Stored data entries:
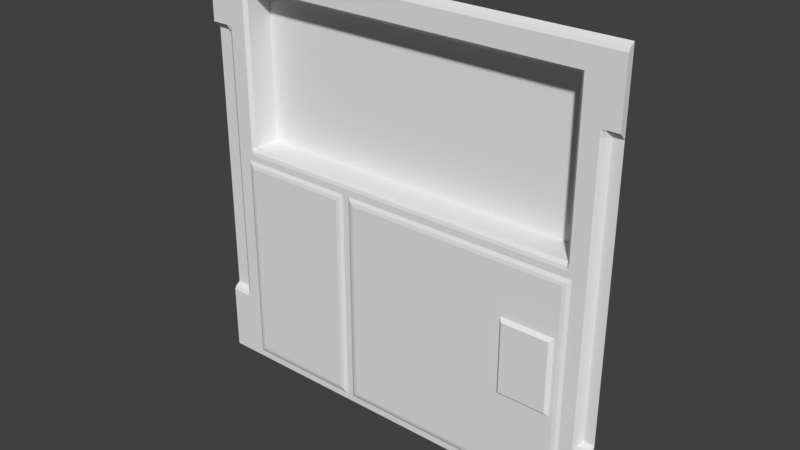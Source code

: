 # Source: sci2_3.blend  (saved by Blender 2.78.0; exported with 4.5.12 LTS)
import bpy
from mathutils import Matrix  # noqa: F401  (used for matrix-valued properties, if any)

bpy.ops.wm.read_factory_settings(use_empty=True)
scene = bpy.context.scene
scene.name = 'Scene'

# ---- collections
col_collection_1 = bpy.data.collections.new('Collection 1'); scene.collection.children.link(col_collection_1)

# ---- materials (node trees are filled in below, after node groups)
mat_sci1_1 = bpy.data.materials.new('sci1_1')
mat_sci1_1.alpha_threshold = 0.0
mat_sci1_1.use_transparent_shadow = False
mat_sci1_1.roughness = 0.5
mat_sci1_1.specular_intensity = 0.0

# ---- material node trees

# ---- world
world_world = bpy.data.worlds.new('World'); scene.world = world_world
world_world.color = (0.05088, 0.05088, 0.05088)
world_world.use_sun_shadow = False
world_world.sun_shadow_jitter_overblur = 0.0
world_world.cycles.sampling_method = 'MANUAL'

# ---- meshes
me_sci1_1_001 = bpy.data.meshes.new('sci1_1.001')
me_sci1_1_001.from_pydata([(-1.28, 1.28, -1.28), (1.28, 1.28, 0.8401), (1.28, 1.24, 0.9599), (-1.28, 1.24, -0.8402), (1.28, 1.24, 0.9198), (1.28, 1.24, 1.2), (-1.28, 1.25, -0.8201), (-1.28, 1.24, -1.24), (1.28, 1.24, 0.8801), (1.28, 1.25, 1.26), (-1.28, 1.24, -0.92), (-1.28, 1.24, -1.2), (1.28, 1.24, 1.24), (1.28, 1.28, 1.28), (-1.28, 1.24, -1.16), (-1.28, 1.28, 0.8401), (-1.28, 1.28, 1.28), (1.28, 1.24, -1.16), (-1.28, 1.24, 1.24), (1.28, 1.24, -1.2), (1.28, 1.24, -0.92), (-1.28, 1.25, 1.26), (-1.28, 1.24, 0.8801), (1.28, 1.24, -1.24), (1.28, 1.25, -0.8201), (-1.28, 1.24, 1.2), (-1.28, 1.24, 0.9198), (1.28, 1.24, -0.8402), (1.28, 1.28, -1.28), (-1.28, 1.24, 0.9599), (-1.28, 1.28, -0.8), (1.28, 1.28, -0.8), (1.22, 1.24, 0.9599), (1.22, 1.24, 0.9198), (1.22, 1.28, -0.8), (1.22, 1.25, -0.8201), (1.22, 1.24, -1.16), (1.22, 1.24, -1.2), (1.22, 1.24, -0.8402), (1.22, 1.28, -1.28), (1.22, 1.28, 1.28), (1.22, 1.25, 1.26), (1.22, 1.24, 1.2), (1.22, 1.24, 0.8801), (1.22, 1.24, -0.92), (1.22, 1.24, -1.24), (1.22, 1.24, 1.24), (1.22, 1.28, 0.8401), (1.18, 1.24, 0.9198), (1.18, 1.24, -0.8201), (1.18, 1.24, -1.2), (1.18, 1.24, -0.8402), (1.18, 1.25, 1.26), (1.18, 1.24, 0.8801), (1.18, 1.24, -1.24), (1.18, 1.24, 0.8401), (1.18, 1.24, 0.9599), (1.18, 1.24, -0.8), (1.18, 1.24, -1.16), (1.18, 1.28, -1.28), (1.18, 1.28, 1.28), (1.18, 1.24, 1.2), (1.18, 1.24, -0.92), (1.18, 1.24, 1.24), (-1.12, 1.24, 0.9198), (-1.12, 1.24, -0.8201), (-1.12, 1.24, -1.2), (-1.12, 1.24, -0.8402), (-1.12, 1.25, 1.26), (-1.12, 1.24, 0.8801), (-1.12, 1.24, -1.24), (-1.12, 1.24, 0.8401), (-1.12, 1.24, 0.9599), (-1.12, 1.24, -0.8), (-1.12, 1.24, -1.16), (-1.12, 1.28, -1.28), (-1.12, 1.28, 1.28), (-1.12, 1.24, 1.2), (-1.12, 1.24, -0.92), (-1.12, 1.24, 1.24), (-1.18, 1.24, 0.9198), (-1.18, 1.25, -0.8201), (-1.18, 1.24, -1.2), (-1.18, 1.24, -0.8402), (-1.18, 1.25, 1.26), (-1.18, 1.24, 0.8801), (-1.18, 1.24, -1.24), (-1.18, 1.28, 0.8401), (-1.18, 1.24, 0.9599), (-1.18, 1.28, -0.8), (-1.18, 1.24, -1.16), (-1.18, 1.28, -1.28), (-1.18, 1.28, 1.28), (-1.18, 1.24, 1.2), (-1.18, 1.24, -0.92), (-1.18, 1.24, 1.24), (1.08, 1.24, 0.9599), (1.08, 1.23, -0.8), (1.08, 1.23, -1.16), (1.08, 1.28, -1.28), (1.08, 1.28, 1.28), (1.08, 1.24, 1.2), (1.08, 1.23, -0.92), (1.08, 1.24, 1.24), (1.08, 1.24, 0.9198), (1.08, 1.23, -0.8201), (1.08, 1.24, -1.2), (1.08, 1.23, -0.8402), (1.08, 1.25, 1.26), (1.08, 1.24, 0.8801), (1.08, 1.24, -1.24), (1.08, 1.24, 0.8401), (1.28, 1.24, 1.12), (-1.28, 1.24, 1.12), (1.22, 1.24, 1.12), (1.18, 1.24, 1.12), (-1.12, 1.24, 1.12), (-1.18, 1.24, 1.12), (1.08, 1.24, 1.12), (1.28, 1.28, 0.18), (-1.28, 1.28, 0.18), (1.22, 1.28, 0.18), (1.18, 1.24, 0.18), (-1.12, 1.24, 0.18), (-1.18, 1.28, 0.18), (1.08, 1.24, 0.18), (1.28, 1.28, 0.14), (-1.28, 1.28, 0.14), (1.22, 1.28, 0.14), (1.18, 1.24, 0.14), (-1.12, 1.24, 0.14), (-1.18, 1.28, 0.14), (1.08, 1.24, 0.14), (1.1, 1.24, 0.9599), (1.1, 1.24, -0.8), (1.1, 1.24, -1.16), (1.1, 1.28, -1.28), (1.1, 1.28, 1.28), (1.1, 1.24, 1.2), (1.1, 1.24, -0.92), (1.1, 1.24, 1.24), (1.1, 1.24, 0.9198), (1.1, 1.24, -0.8201), (1.1, 1.24, -1.2), (1.1, 1.24, -0.8402), (1.1, 1.25, 1.26), (1.1, 1.24, 0.8801), (1.1, 1.24, -1.24), (1.1, 1.24, 0.8401), (1.1, 1.24, 1.12), (1.1, 1.24, 0.18), (1.1, 1.24, 0.14), (1.28, 1.28, 0.1), (-1.28, 1.28, 0.1), (1.22, 1.28, 0.1), (1.18, 1.24, 0.1), (-1.12, 1.24, 0.1), (-1.18, 1.28, 0.1), (1.08, 1.24, 0.1), (1.1, 1.24, 0.1), (1.28, 1.28, 0.06005), (-1.28, 1.28, 0.06005), (1.22, 1.28, 0.06005), (1.18, 1.24, 0.06005), (-1.12, 1.24, 0.06005), (-1.18, 1.28, 0.06005), (1.08, 1.23, 0.06005), (1.1, 1.24, 0.06005), (1.22, 1.28, 0.08006), (1.18, 1.24, 0.08006), (-1.12, 1.24, 0.08006), (-1.18, 1.28, 0.08006), (1.08, 1.23, 0.08006), (1.1, 1.24, 0.08006), (1.28, 1.28, 0.08006), (-1.28, 1.28, 0.08006), (1.22, 1.28, 0.16), (1.18, 1.24, 0.16), (-1.12, 1.24, 0.16), (-1.18, 1.28, 0.16), (1.08, 1.24, 0.16), (1.28, 1.28, 0.16), (-1.28, 1.28, 0.16), (1.1, 1.24, 0.16), (1.2, 1.24, 0.9599), (1.2, 1.25, -0.8), (1.2, 1.24, -1.16), (1.2, 1.28, -1.28), (1.2, 1.28, 1.28), (1.2, 1.24, 1.2), (1.2, 1.24, -0.92), (1.2, 1.24, 1.24), (1.2, 1.24, 0.9198), (1.2, 1.25, -0.8201), (1.2, 1.24, -1.2), (1.2, 1.24, -0.8402), (1.2, 1.25, 1.26), (1.2, 1.24, 0.8801), (1.2, 1.24, -1.24), (1.2, 1.25, 0.8401), (1.2, 1.24, 1.12), (1.2, 1.25, 0.18), (1.2, 1.25, 0.14), (1.2, 1.25, 0.1), (1.2, 1.25, 0.06005), (1.2, 1.25, 0.08006), (1.2, 1.25, 0.16), (-1.16, 1.24, 0.9599), (-1.14, 1.24, 0.9599), (-1.16, 1.25, -0.8), (-1.14, 1.24, -0.8), (-1.16, 1.24, -1.16), (-1.14, 1.24, -1.16), (-1.16, 1.28, -1.28), (-1.14, 1.28, -1.28), (-1.16, 1.28, 1.28), (-1.14, 1.28, 1.28), (-1.16, 1.24, 1.2), (-1.14, 1.24, 1.2), (-1.16, 1.24, -0.92), (-1.14, 1.24, -0.92), (-1.16, 1.24, 1.24), (-1.14, 1.24, 1.24), (-1.14, 1.24, 0.9198), (-1.16, 1.24, 0.9198), (-1.14, 1.24, -0.8201), (-1.16, 1.25, -0.8201), (-1.14, 1.24, -1.2), (-1.16, 1.24, -1.2), (-1.14, 1.24, -0.8402), (-1.16, 1.24, -0.8402), (-1.14, 1.25, 1.26), (-1.16, 1.25, 1.26), (-1.14, 1.24, 0.8801), (-1.16, 1.24, 0.8801), (-1.14, 1.24, -1.24), (-1.16, 1.24, -1.24), (-1.14, 1.24, 0.8401), (-1.16, 1.25, 0.8401), (-1.14, 1.24, 1.12), (-1.16, 1.24, 1.12), (-1.16, 1.25, 0.18), (-1.14, 1.24, 0.18), (-1.16, 1.25, 0.14), (-1.14, 1.24, 0.14), (-1.16, 1.25, 0.1), (-1.14, 1.24, 0.1), (-1.16, 1.25, 0.06005), (-1.14, 1.24, 0.06005), (-1.16, 1.25, 0.08006), (-1.14, 1.24, 0.08006), (-1.16, 1.25, 0.16), (-1.14, 1.24, 0.16), (-1.04, 1.24, 0.9198), (-1.04, 1.23, -0.8201), (-1.04, 1.24, -1.2), (-1.04, 1.23, -0.8402), (-1.04, 1.25, 1.26), (-1.04, 1.24, 0.8801), (-1.04, 1.24, -1.24), (-1.04, 1.24, 0.8401), (-1.04, 1.24, 0.9599), (-1.04, 1.23, -0.8), (-1.04, 1.23, -1.16), (-1.04, 1.28, -1.28), (-1.04, 1.28, 1.28), (-1.04, 1.24, 1.2), (-1.04, 1.23, -0.92), (-1.04, 1.24, 1.24), (-1.04, 1.24, 1.12), (-1.04, 1.24, 0.18), (-1.04, 1.24, 0.14), (-1.04, 1.24, 0.1), (-1.04, 1.23, 0.06005), (-1.04, 1.23, 0.08006), (-1.04, 1.24, 0.16), (1.28, 1.24, 1.1), (-1.28, 1.24, 1.1), (1.22, 1.24, 1.1), (1.18, 1.24, 1.1), (-1.12, 1.24, 1.1), (-1.18, 1.24, 1.1), (1.08, 1.24, 1.1), (1.1, 1.24, 1.1), (1.2, 1.24, 1.1), (-1.16, 1.24, 1.1), (-1.14, 1.24, 1.1), (-1.04, 1.24, 1.1), (-1.02, 1.26, 0.9599), (-1.02, 1.226, -0.8), (-1.02, 1.226, -1.16), (-1.02, 1.28, -1.28), (-1.02, 1.28, 1.28), (-1.02, 1.24, 1.2), (-1.02, 1.226, -0.92), (-1.02, 1.24, 1.24), (-1.02, 1.26, 0.18), (-1.02, 1.24, 0.14), (-1.02, 1.24, 0.1), (-1.02, 1.226, 0.06005), (-1.02, 1.23, 0.08006), (-1.02, 1.245, 0.16), (-1.02, 1.26, 0.9198), (-1.02, 1.226, -0.8201), (-1.02, 1.24, -1.2), (-1.02, 1.226, -0.8402), (-1.02, 1.25, 1.26), (-1.02, 1.26, 0.8801), (-1.02, 1.24, -1.24), (-1.02, 1.26, 0.8401), (-1.02, 1.24, 1.12), (-1.02, 1.26, 1.1), (1.06, 1.26, 0.9599), (1.06, 1.226, -0.8), (1.06, 1.226, -1.16), (1.06, 1.28, -1.28), (1.06, 1.28, 1.28), (1.06, 1.24, 1.2), (1.06, 1.226, -0.92), (1.06, 1.24, 1.24), (1.06, 1.26, 0.18), (1.06, 1.24, 0.14), (1.06, 1.24, 0.1), (1.06, 1.226, 0.06005), (1.06, 1.23, 0.08006), (1.06, 1.245, 0.16), (1.06, 1.26, 0.9198), (1.06, 1.226, -0.8201), (1.06, 1.24, -1.2), (1.06, 1.226, -0.8402), (1.06, 1.25, 1.26), (1.06, 1.26, 0.8801), (1.06, 1.24, -1.24), (1.06, 1.26, 0.8401), (1.06, 1.24, 1.12), (1.06, 1.26, 1.1), (-0.26, 1.226, -0.8201), (-0.26, 1.24, -1.2), (-0.26, 1.226, -0.8402), (-0.26, 1.25, 1.26), (-0.26, 1.24, -1.24), (-0.26, 1.24, 1.12), (-0.26, 1.26, 1.1), (-0.26, 1.226, -0.8), (-0.26, 1.226, -1.16), (-0.26, 1.28, -1.28), (-0.26, 1.28, 1.28), (-0.26, 1.24, 1.2), (-0.26, 1.226, -0.92), (-0.26, 1.24, 1.24), (-0.26, 1.26, 0.18), (-0.26, 1.24, 0.14), (-0.26, 1.24, 0.1), (-0.26, 1.226, 0.06005), (-0.26, 1.23, 0.08006), (-0.26, 1.245, 0.16), (-0.38, 1.226, -0.8201), (-0.38, 1.24, -1.2), (-0.38, 1.226, -0.8402), (-0.38, 1.25, 1.26), (-0.38, 1.24, -1.24), (-0.38, 1.24, 1.12), (-0.38, 1.26, 1.1), (-0.38, 1.226, -0.8), (-0.38, 1.226, -1.16), (-0.38, 1.28, -1.28), (-0.38, 1.28, 1.28), (-0.38, 1.24, 1.2), (-0.38, 1.226, -0.92), (-0.38, 1.24, 1.24), (-0.38, 1.26, 0.18), (-0.38, 1.24, 0.14), (-0.38, 1.24, 0.1), (-0.38, 1.226, 0.06005), (-0.38, 1.23, 0.08006), (-0.38, 1.245, 0.16), (-0.34, 1.24, -0.8), (-0.3, 1.24, -0.8), (-0.34, 1.24, -1.16), (-0.3, 1.24, -1.16), (-0.34, 1.28, -1.28), (-0.3, 1.28, -1.28), (-0.34, 1.28, 1.28), (-0.3, 1.28, 1.28), (-0.34, 1.24, 1.2), (-0.3, 1.24, 1.2), (-0.34, 1.24, -0.92), (-0.3, 1.24, -0.92), (-0.34, 1.24, 1.24), (-0.3, 1.24, 1.24), (-0.34, 1.26, 0.18), (-0.3, 1.26, 0.18), (-0.34, 1.24, 0.14), (-0.3, 1.24, 0.14), (-0.34, 1.24, 0.1), (-0.3, 1.24, 0.1), (-0.34, 1.24, 0.06005), (-0.3, 1.24, 0.06005), (-0.34, 1.24, 0.08006), (-0.3, 1.24, 0.08006), (-0.34, 1.245, 0.16), (-0.3, 1.245, 0.16), (-0.3, 1.24, -0.8201), (-0.34, 1.24, -0.8201), (-0.3, 1.24, -1.2), (-0.34, 1.24, -1.2), (-0.3, 1.24, -0.8402), (-0.34, 1.24, -0.8402), (-0.3, 1.25, 1.26), (-0.34, 1.25, 1.26), (-0.3, 1.24, -1.24), (-0.34, 1.24, -1.24), (-0.3, 1.24, 1.12), (-0.34, 1.24, 1.12), (-0.3, 1.26, 1.1), (-0.34, 1.26, 1.1), (-0.28, 1.23, -0.8), (-0.28, 1.23, -1.16), (-0.28, 1.28, -1.28), (-0.28, 1.28, 1.28), (-0.28, 1.24, 1.2), (-0.28, 1.23, -0.92), (-0.28, 1.24, 1.24), (-0.28, 1.26, 0.18), (-0.28, 1.24, 0.14), (-0.28, 1.24, 0.1), (-0.28, 1.23, 0.06005), (-0.28, 1.23, 0.08006), (-0.28, 1.245, 0.16), (-0.28, 1.23, -0.8201), (-0.28, 1.24, -1.2), (-0.28, 1.23, -0.8402), (-0.28, 1.25, 1.26), (-0.28, 1.24, -1.24), (-0.28, 1.24, 1.12), (-0.28, 1.26, 1.1), (-0.36, 1.23, -0.8201), (-0.36, 1.24, -1.2), (-0.36, 1.23, -0.8402), (-0.36, 1.25, 1.26), (-0.36, 1.24, -1.24), (-0.36, 1.24, 1.12), (-0.36, 1.26, 1.1), (-0.36, 1.23, -0.8), (-0.36, 1.23, -1.16), (-0.36, 1.28, -1.28), (-0.36, 1.28, 1.28), (-0.36, 1.24, 1.2), (-0.36, 1.23, -0.92), (-0.36, 1.24, 1.24), (-0.36, 1.26, 0.18), (-0.36, 1.24, 0.14), (-0.36, 1.24, 0.1), (-0.36, 1.23, 0.06005), (-0.36, 1.23, 0.08006), (-0.36, 1.245, 0.16), (-1.06, 1.24, 0.9198), (-1.28, 1.28, -0.24), (0.72, 1.226, -1.16), (-1.06, 1.24, -0.8201), (1.28, 1.28, -0.24), (0.72, 1.226, -0.8), (-1.06, 1.24, -1.2), (0.72, 1.23, -1.18), (-1.06, 1.24, -0.8402), (0.72, 1.26, 1.1), (-1.06, 1.24, -1.18), (-1.06, 1.25, 1.26), (0.72, 1.24, 1.12), (-0.36, 1.23, -1.18), (-1.06, 1.24, 0.8801), (-0.28, 1.23, -1.18), (-1.06, 1.24, -1.24), (0.72, 1.24, -1.24), (-0.3, 1.24, -1.18), (-1.06, 1.24, 0.8401), (-0.34, 1.24, -1.18), (-1.06, 1.24, 1.12), (0.72, 1.25, 1.26), (-0.38, 1.23, -1.18), (-0.26, 1.23, -1.18), (0.72, 1.226, -0.8402), (-1.06, 1.24, 0.9599), (1.06, 1.23, -1.18), (0.72, 1.24, -1.2), (-1.06, 1.24, -0.8), (-1.02, 1.23, -1.18), (0.72, 1.226, -0.8201), (-1.06, 1.24, -1.16), (-1.04, 1.23, -1.18), (-1.06, 1.28, -1.28), (-1.14, 1.24, -1.18), (0.72, 1.245, 0.16), (-1.06, 1.28, 1.28), (-1.16, 1.24, -1.18), (0.72, 1.23, 0.08006), (-1.06, 1.24, 1.2), (1.2, 1.24, -1.18), (0.72, 1.226, 0.06005), (-1.06, 1.24, -0.92), (1.1, 1.24, -1.18), (0.72, 1.24, 0.1), (-1.06, 1.24, 1.24), (1.08, 1.23, -1.18), (0.72, 1.24, 0.14), (-1.06, 1.24, 0.18), (-1.18, 1.24, -1.18), (0.72, 1.26, 0.18), (-1.06, 1.24, 0.14), (-1.12, 1.24, -1.18), (0.72, 1.24, 1.24), (-1.06, 1.24, 0.1), (1.18, 1.24, -1.18), (0.72, 1.226, -0.92), (-1.06, 1.24, 0.06005), (1.22, 1.24, -1.18), (0.72, 1.24, 1.2), (-1.06, 1.24, 0.08006), (1.28, 1.24, -1.18), (0.72, 1.28, 1.28), (-1.06, 1.24, 0.16), (-1.06, 1.24, 1.1), (0.72, 1.28, -1.28), (-1.28, 1.24, -1.18), (1.22, 1.28, -0.24), (1.18, 1.24, -0.24), (-1.12, 1.24, -0.24), (-1.18, 1.28, -0.24), (1.08, 1.23, -0.24), (1.1, 1.24, -0.24), (1.2, 1.25, -0.24), (-1.16, 1.25, -0.24), (-1.14, 1.24, -0.24), (-1.04, 1.23, -0.24), (-1.02, 1.226, -0.24), (1.06, 1.226, -0.24), (-0.26, 1.226, -0.24), (-0.38, 1.226, -0.24), (-0.34, 1.24, -0.24), (-0.3, 1.24, -0.24), (-0.28, 1.23, -0.24), (-0.36, 1.23, -0.24), (0.74, 1.206, -0.26), (-1.06, 1.24, -0.24), (1.04, 1.226, -0.8), (1.04, 1.226, -1.16), (1.04, 1.28, -1.28), (1.04, 1.28, 1.28), (1.04, 1.24, 1.2), (1.04, 1.226, -0.92), (1.04, 1.24, 1.24), (1.04, 1.26, 0.18), (1.04, 1.24, 0.14), (1.04, 1.24, 0.1), (1.04, 1.226, 0.06005), (1.04, 1.23, 0.08006), (1.04, 1.245, 0.16), (1.04, 1.23, -1.18), (1.04, 1.26, 1.1), (1.04, 1.24, 1.12), (1.04, 1.24, -1.24), (1.04, 1.25, 1.26), (1.04, 1.226, -0.8402), (1.04, 1.24, -1.2), (1.04, 1.226, -0.8201), (1.02, 1.206, -0.26), (1.28, 1.28, -0.7), (-1.28, 1.28, -0.7), (1.18, 1.24, -0.7), (1.22, 1.28, -0.7), (-1.12, 1.24, -0.7), (-1.18, 1.28, -0.7), (1.08, 1.23, -0.7), (1.1, 1.24, -0.7), (1.2, 1.25, -0.7), (-1.16, 1.25, -0.7), (-1.14, 1.24, -0.7), (-1.04, 1.23, -0.7), (-1.02, 1.226, -0.7), (1.06, 1.226, -0.7), (-0.26, 1.226, -0.7), (-0.38, 1.226, -0.7), (-0.34, 1.24, -0.7), (-0.3, 1.24, -0.7), (-0.28, 1.23, -0.7), (-0.36, 1.23, -0.7), (0.74, 1.206, -0.68), (-1.06, 1.24, -0.7), (1.02, 1.206, -0.68), (-1.16, 1.247, 0.8528), (-1.14, 1.24, 0.8663), (-1.16, 1.25, -0.8124), (-1.149, 1.244, -0.8201), (-1.14, 1.24, -0.826), (1.2, 1.245, 0.8607), (1.069, 1.243, 0.16), (-1.029, 1.243, 0.16), (-0.38, 1.42, 0.9198), (-1.02, 1.42, 0.9198), (-0.38, 1.42, 0.8801), (-1.02, 1.42, 0.8801), (-0.38, 1.42, 0.8401), (-1.02, 1.42, 0.8401), (-0.38, 1.42, 1.1), (-1.02, 1.42, 1.1), (-1.02, 1.42, 0.9599), (-1.02, 1.42, 0.18), (1.04, 1.42, 0.9599), (1.06, 1.42, 0.9599), (1.04, 1.42, 0.18), (1.06, 1.42, 0.18), (1.06, 1.42, 1.1), (1.06, 1.42, 0.8401), (1.06, 1.42, 0.9198), (1.06, 1.42, 0.8801), (0.72, 1.42, 0.9198), (-0.26, 1.42, 0.9198), (0.72, 1.42, 0.8801), (-0.26, 1.42, 0.8801), (0.72, 1.42, 0.8401), (-0.26, 1.42, 0.8401), (0.72, 1.42, 1.1), (-0.26, 1.42, 1.1), (-0.28, 1.42, 0.9599), (-0.26, 1.42, 0.9599), (-0.28, 1.42, 0.18), (-0.26, 1.42, 0.18), (-0.36, 1.42, 0.9198), (-0.36, 1.42, 0.8801), (-0.36, 1.42, 0.8401), (-0.36, 1.42, 1.1), (-0.38, 1.42, 0.9599), (-0.38, 1.42, 0.18), (-0.36, 1.42, 0.9599), (-0.34, 1.42, 0.9599), (-0.3, 1.42, 0.9599), (-0.36, 1.42, 0.18), (-0.34, 1.42, 0.18), (-0.3, 1.42, 0.18), (-0.28, 1.42, 0.9198), (-0.3, 1.42, 0.9198), (-0.34, 1.42, 0.9198), (-0.28, 1.42, 0.8801), (-0.3, 1.42, 0.8801), (-0.34, 1.42, 0.8801), (-0.28, 1.42, 0.8401), (-0.3, 1.42, 0.8401), (-0.34, 1.42, 0.8401), (-0.28, 1.42, 1.1), (-0.3, 1.42, 1.1), (-0.34, 1.42, 1.1), (1.04, 1.42, 1.1), (1.04, 1.42, 0.8401), (1.04, 1.42, 0.8801), (1.04, 1.42, 0.9198), (0.72, 1.42, 0.18), (0.72, 1.42, 0.9599), (0.72, 1.226, -0.7), (0.72, 1.226, -0.24), (1.04, 1.226, -0.24), (1.04, 1.226, -0.7)], [], [(8, 1, 13, 9, 12, 5, 112, 276, 2, 4), (7, 11, 523, 14, 10, 3, 6, 30, 0), (23, 28, 31, 24, 27, 20, 17, 518, 19), (22, 26, 29, 277, 113, 25, 18, 21, 16, 15), (33, 4, 2, 32), (35, 24, 31, 34), (515, 518, 17, 36), (38, 27, 24, 35), (41, 9, 13, 40), (114, 112, 5, 42), (43, 8, 4, 33), (36, 17, 20, 44), (45, 23, 19, 37), (47, 1, 8, 43), (42, 5, 12, 46), (39, 28, 23, 45), (46, 12, 9, 41), (569, 34, 31, 566), (44, 20, 27, 38), (190, 44, 38, 195), (574, 185, 34, 569), (191, 46, 41, 196), (187, 39, 45, 198), (189, 42, 46, 191), (47, 43, 197, 594), (198, 45, 37, 194), (186, 36, 44, 190), (197, 43, 33, 192), (200, 114, 42, 189), (196, 41, 40, 188), (195, 38, 35, 193), (497, 515, 36, 186), (193, 35, 34), (192, 33, 32, 184), (141, 48, 56, 133), (142, 49, 57, 134), (500, 512, 58, 135), (144, 51, 49, 142), (145, 52, 60, 137), (149, 115, 61, 138), (146, 53, 48, 141), (135, 58, 62, 139), (147, 54, 50, 143), (148, 55, 53, 146), (138, 61, 63, 140), (136, 59, 54, 147), (140, 63, 52, 145), (573, 134, 57, 568), (139, 62, 51, 144), (220, 78, 67, 229), (576, 210, 73, 570), (222, 79, 68, 231), (214, 75, 70, 235), (218, 77, 79, 222), (590, 69, 233), (235, 70, 66, 227), (212, 74, 78, 220), (233, 69, 64, 223), (239, 116, 77, 218), (231, 68, 76, 216), (67, 65, 225, 593), (491, 509, 74, 212), (225, 65, 73, 210), (223, 64, 72, 208), (26, 80, 88, 29), (6, 81, 89, 30), (523, 506, 90, 14), (3, 83, 81, 6), (21, 84, 92, 16), (113, 117, 93, 25), (22, 85, 80, 26), (14, 90, 94, 10), (7, 86, 82, 11), (15, 87, 85, 22), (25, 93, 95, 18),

_Instructions for the task_: In the records above, the line with "world_world.cycles.sampling_method = 'MANUAL'" marks the start and the line with "me_sci1_1_001 = bpy.data.meshes.new('sci1_1.001')" marks the end; copy that stretch exactly, both lines included, and nothing else.

_Result below_:
world_world.cycles.sampling_method = 'MANUAL'

# ---- meshes
me_sci1_1_001 = bpy.data.meshes.new('sci1_1.001')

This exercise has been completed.